The Rev. J. Edwin Bacon Jr. told the congregants at All Saints Episcopal Church that the Internal Revenue Service has closed a lengthy investigation into a speech by the church's former rector, the Rev. George F. Regas.
In the sermon, Regas did not urge parishioners to support President Bush or Sen. John Kerry, D-Mass., but was critical of the Iraq war and Bush's tax cuts.
Federal tax codes prohibit churches and other tax-exempt institutions from endorsing or opposing political candidates.
In a letter dated Sept. 10, the IRS said the church continues to qualify for tax-exempt status but that Regas' sermon amounted to a one-time intervention in the presidential race. The letter offered no specifics or explanation for either conclusion, but noted that the church did have appropriate policies in place to ensure that it complied with prohibitions on political activity.

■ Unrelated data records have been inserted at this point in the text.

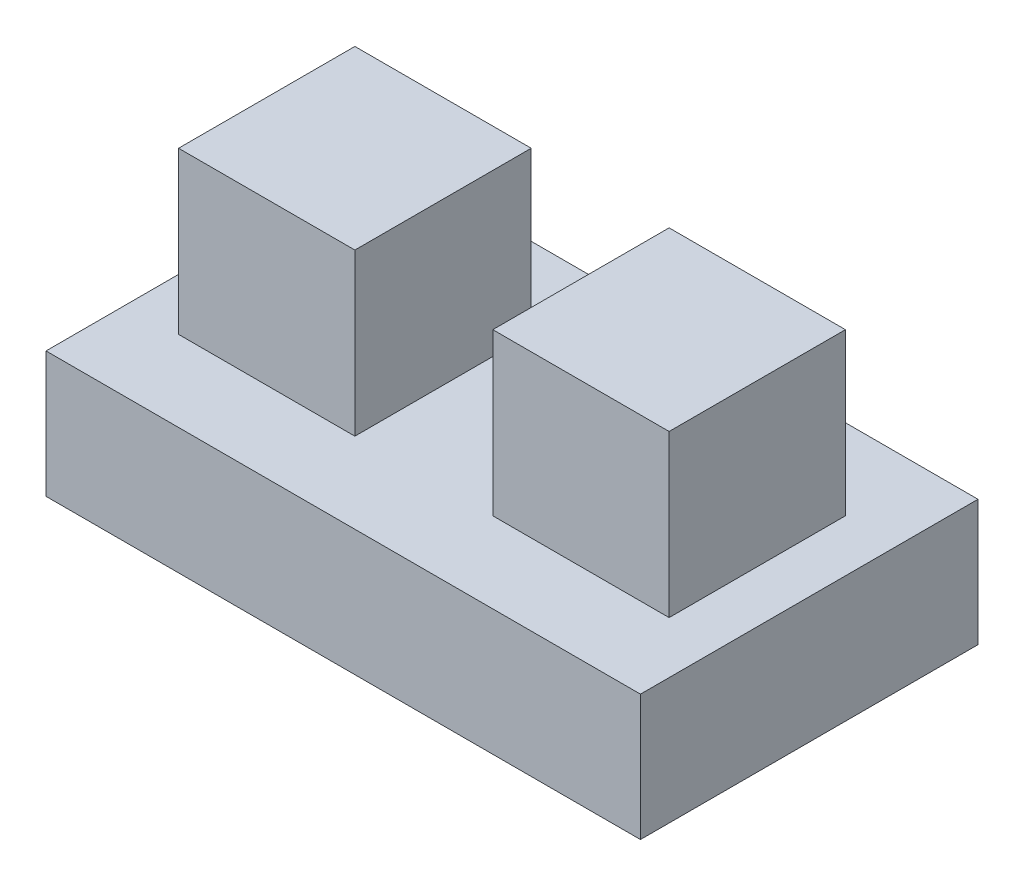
ISO-10303-21;
HEADER;
FILE_DESCRIPTION(('STEP AP214'),'2;1');
FILE_NAME('part.step','',(''),(''),'','','');
FILE_SCHEMA(('AUTOMOTIVE_DESIGN { 1 0 10303 214 1 1 1 1 }'));
ENDSEC;
DATA;
#1=APPLICATION_CONTEXT('core data for automotive mechanical design processes');
#2=APPLICATION_PROTOCOL_DEFINITION('international standard','automotive_design',2000,#1);
#3=PRODUCT_CONTEXT('',#1,'mechanical');
#4=PRODUCT('Part','Part','',(#3));
#5=PRODUCT_RELATED_PRODUCT_CATEGORY('part','',(#4));
#6=PRODUCT_DEFINITION_FORMATION('','',#4);
#7=PRODUCT_DEFINITION_CONTEXT('part definition',#1,'design');
#8=PRODUCT_DEFINITION('design','',#6,#7);
#9=PRODUCT_DEFINITION_SHAPE('','',#8);
#10=(LENGTH_UNIT() NAMED_UNIT(*) SI_UNIT(.MILLI.,.METRE.));
#11=(NAMED_UNIT(*) PLANE_ANGLE_UNIT() SI_UNIT($,.RADIAN.));
#12=(NAMED_UNIT(*) SI_UNIT($,.STERADIAN.) SOLID_ANGLE_UNIT());
#13=UNCERTAINTY_MEASURE_WITH_UNIT(LENGTH_MEASURE(1.E-05),#10,'distance_accuracy_value','');
#14=(GEOMETRIC_REPRESENTATION_CONTEXT(3) GLOBAL_UNCERTAINTY_ASSIGNED_CONTEXT((#13)) GLOBAL_UNIT_ASSIGNED_CONTEXT((#10,
#11,#12)) REPRESENTATION_CONTEXT('',''));
#15=CARTESIAN_POINT('',(0.,0.,0.));
#16=DIRECTION('',(0.,0.,1.));
#17=DIRECTION('',(1.,0.,0.));
#18=AXIS2_PLACEMENT_3D('',#15,#16,#17);
#19=CARTESIAN_POINT('',(0.,25.,0.));
#20=DIRECTION('',(0.,1.,0.));
#21=DIRECTION('',(0.,0.,1.));
#22=AXIS2_PLACEMENT_3D('',#19,#20,#21);
#23=PLANE('',#22);
#24=DIRECTION('',(1.,0.,0.));
#25=VECTOR('',#24,1.);
#26=CARTESIAN_POINT('',(-48.6874452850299,25.,17.5));
#27=LINE('',#26,#25);
#28=CARTESIAN_POINT('',(-48.6874452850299,25.,17.5));
#29=VERTEX_POINT('',#28);
#30=CARTESIAN_POINT('',(-13.6874452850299,25.,17.5));
#31=VERTEX_POINT('',#30);
#32=EDGE_CURVE('E151',#29,#31,#27,.T.);
#33=ORIENTED_EDGE('',*,*,#32,.F.);
#34=DIRECTION('',(0.,0.,1.));
#35=VECTOR('',#34,1.);
#36=CARTESIAN_POINT('',(-48.6874452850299,25.,-17.5));
#37=LINE('',#36,#35);
#38=CARTESIAN_POINT('',(-48.6874452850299,25.,-17.5));
#39=VERTEX_POINT('',#38);
#40=EDGE_CURVE('E148',#39,#29,#37,.T.);
#41=ORIENTED_EDGE('',*,*,#40,.F.);
#42=DIRECTION('',(-1.,0.,0.));
#43=VECTOR('',#42,1.);
#44=CARTESIAN_POINT('',(-48.6874452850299,25.,-17.5));
#45=LINE('',#44,#43);
#46=CARTESIAN_POINT('',(-13.6874452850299,25.,-17.5));
#47=VERTEX_POINT('',#46);
#48=EDGE_CURVE('E160',#47,#39,#45,.T.);
#49=ORIENTED_EDGE('',*,*,#48,.F.);
#50=DIRECTION('',(0.,0.,-1.));
#51=VECTOR('',#50,1.);
#52=CARTESIAN_POINT('',(-13.6874452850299,25.,-17.5));
#53=LINE('',#52,#51);
#54=EDGE_CURVE('E168',#31,#47,#53,.T.);
#55=ORIENTED_EDGE('',*,*,#54,.F.);
#56=EDGE_LOOP('',(#33,#41,#49,#55));
#57=FACE_BOUND('',#56,.T.);
#58=DIRECTION('',(0.,0.,1.));
#59=VECTOR('',#58,1.);
#60=CARTESIAN_POINT('',(-59.,25.,-33.5));
#61=LINE('',#60,#59);
#62=CARTESIAN_POINT('',(-59.,25.,-33.5));
#63=VERTEX_POINT('',#62);
#64=CARTESIAN_POINT('',(-59.,25.,33.5));
#65=VERTEX_POINT('',#64);
#66=EDGE_CURVE('E180',#63,#65,#61,.T.);
#67=ORIENTED_EDGE('',*,*,#66,.T.);
#68=DIRECTION('',(1.,0.,0.));
#69=VECTOR('',#68,1.);
#70=CARTESIAN_POINT('',(-59.,25.,33.5));
#71=LINE('',#70,#69);
#72=CARTESIAN_POINT('',(59.,25.,33.5));
#73=VERTEX_POINT('',#72);
#74=EDGE_CURVE('E183',#65,#73,#71,.T.);
#75=ORIENTED_EDGE('',*,*,#74,.T.);
#76=DIRECTION('',(0.,0.,-1.));
#77=VECTOR('',#76,1.);
#78=CARTESIAN_POINT('',(59.,25.,-33.5));
#79=LINE('',#78,#77);
#80=CARTESIAN_POINT('',(59.,25.,-33.5));
#81=VERTEX_POINT('',#80);
#82=EDGE_CURVE('E186',#73,#81,#79,.T.);
#83=ORIENTED_EDGE('',*,*,#82,.T.);
#84=DIRECTION('',(-1.,0.,0.));
#85=VECTOR('',#84,1.);
#86=CARTESIAN_POINT('',(-59.,25.,-33.5));
#87=LINE('',#86,#85);
#88=EDGE_CURVE('E188',#81,#63,#87,.T.);
#89=ORIENTED_EDGE('',*,*,#88,.T.);
#90=EDGE_LOOP('',(#67,#75,#83,#89));
#91=FACE_BOUND('',#90,.T.);
#92=DIRECTION('',(1.,0.,0.));
#93=VECTOR('',#92,1.);
#94=CARTESIAN_POINT('',(13.6874452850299,25.,17.5));
#95=LINE('',#94,#93);
#96=CARTESIAN_POINT('',(13.6874452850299,25.,17.5));
#97=VERTEX_POINT('',#96);
#98=CARTESIAN_POINT('',(48.6874452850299,25.,17.5));
#99=VERTEX_POINT('',#98);
#100=EDGE_CURVE('E370',#97,#99,#95,.T.);
#101=ORIENTED_EDGE('',*,*,#100,.F.);
#102=DIRECTION('',(0.,0.,1.));
#103=VECTOR('',#102,1.);
#104=CARTESIAN_POINT('',(13.6874452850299,25.,-17.5));
#105=LINE('',#104,#103);
#106=CARTESIAN_POINT('',(13.6874452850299,25.,-17.5));
#107=VERTEX_POINT('',#106);
#108=EDGE_CURVE('E146',#107,#97,#105,.T.);
#109=ORIENTED_EDGE('',*,*,#108,.F.);
#110=DIRECTION('',(-1.,0.,0.));
#111=VECTOR('',#110,1.);
#112=CARTESIAN_POINT('',(13.6874452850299,25.,-17.5));
#113=LINE('',#112,#111);
#114=CARTESIAN_POINT('',(48.6874452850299,25.,-17.5));
#115=VERTEX_POINT('',#114);
#116=EDGE_CURVE('E142',#115,#107,#113,.T.);
#117=ORIENTED_EDGE('',*,*,#116,.F.);
#118=DIRECTION('',(0.,0.,-1.));
#119=VECTOR('',#118,1.);
#120=CARTESIAN_POINT('',(48.6874452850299,25.,-17.5));
#121=LINE('',#120,#119);
#122=EDGE_CURVE('E367',#99,#115,#121,.T.);
#123=ORIENTED_EDGE('',*,*,#122,.F.);
#124=EDGE_LOOP('',(#101,#109,#117,#123));
#125=FACE_BOUND('',#124,.T.);
#126=ADVANCED_FACE('F33',(#57,#91,#125),#23,.T.);
#127=CARTESIAN_POINT('',(-59.,25.,-33.5));
#128=DIRECTION('',(1.,0.,0.));
#129=DIRECTION('',(0.,0.,-1.));
#130=AXIS2_PLACEMENT_3D('',#127,#128,#129);
#131=PLANE('',#130);
#132=DIRECTION('',(0.,0.,1.));
#133=VECTOR('',#132,1.);
#134=CARTESIAN_POINT('',(-59.,0.,-33.5));
#135=LINE('',#134,#133);
#136=CARTESIAN_POINT('',(-59.,0.,-33.5));
#137=VERTEX_POINT('',#136);
#138=CARTESIAN_POINT('',(-59.,0.,33.5));
#139=VERTEX_POINT('',#138);
#140=EDGE_CURVE('E179',#137,#139,#135,.T.);
#141=ORIENTED_EDGE('',*,*,#140,.T.);
#142=DIRECTION('',(0.,-1.,0.));
#143=VECTOR('',#142,1.);
#144=CARTESIAN_POINT('',(-59.,25.,33.5));
#145=LINE('',#144,#143);
#146=EDGE_CURVE('E11',#65,#139,#145,.T.);
#147=ORIENTED_EDGE('',*,*,#146,.F.);
#148=ORIENTED_EDGE('',*,*,#66,.F.);
#149=DIRECTION('',(0.,-1.,0.));
#150=VECTOR('',#149,1.);
#151=CARTESIAN_POINT('',(-59.,25.,-33.5));
#152=LINE('',#151,#150);
#153=EDGE_CURVE('E190',#63,#137,#152,.T.);
#154=ORIENTED_EDGE('',*,*,#153,.T.);
#155=EDGE_LOOP('',(#141,#147,#148,#154));
#156=FACE_BOUND('',#155,.T.);
#157=ADVANCED_FACE('F35',(#156),#131,.F.);
#158=CARTESIAN_POINT('',(-59.,25.,33.5));
#159=DIRECTION('',(0.,0.,-1.));
#160=DIRECTION('',(-1.,0.,0.));
#161=AXIS2_PLACEMENT_3D('',#158,#159,#160);
#162=PLANE('',#161);
#163=DIRECTION('',(1.,0.,0.));
#164=VECTOR('',#163,1.);
#165=CARTESIAN_POINT('',(-59.,0.,33.5));
#166=LINE('',#165,#164);
#167=CARTESIAN_POINT('',(59.,0.,33.5));
#168=VERTEX_POINT('',#167);
#169=EDGE_CURVE('E193',#139,#168,#166,.T.);
#170=ORIENTED_EDGE('',*,*,#169,.T.);
#171=DIRECTION('',(0.,-1.,0.));
#172=VECTOR('',#171,1.);
#173=CARTESIAN_POINT('',(59.,25.,33.5));
#174=LINE('',#173,#172);
#175=EDGE_CURVE('E41',#73,#168,#174,.T.);
#176=ORIENTED_EDGE('',*,*,#175,.F.);
#177=ORIENTED_EDGE('',*,*,#74,.F.);
#178=ORIENTED_EDGE('',*,*,#146,.T.);
#179=EDGE_LOOP('',(#170,#176,#177,#178));
#180=FACE_BOUND('',#179,.T.);
#181=ADVANCED_FACE('F223',(#180),#162,.F.);
#182=CARTESIAN_POINT('',(59.,25.,-33.5));
#183=DIRECTION('',(-1.,0.,0.));
#184=DIRECTION('',(0.,0.,1.));
#185=AXIS2_PLACEMENT_3D('',#182,#183,#184);
#186=PLANE('',#185);
#187=DIRECTION('',(0.,0.,-1.));
#188=VECTOR('',#187,1.);
#189=CARTESIAN_POINT('',(59.,0.,-33.5));
#190=LINE('',#189,#188);
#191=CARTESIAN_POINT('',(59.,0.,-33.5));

Bacon said the letter's unclear conclusion could mean future investigation of the church and leaves a ''chilling effect'' on the freedom of clerics from all faiths to preach about core moral values and such issues as war and poverty.
The church has ''no more guidance about the IRS rules now than when we started this process over two long years ago,'' Bacon said.
Feck the churches.
The synagogues.
The mosques.
The temples.
The covens.
Tax all of them.
Let them render unto Caesar, then their leaders can say whatever the feck they want to.
Until then, either pay and talk, or keep your tax break and eat of the body and drink of the blood of STFU.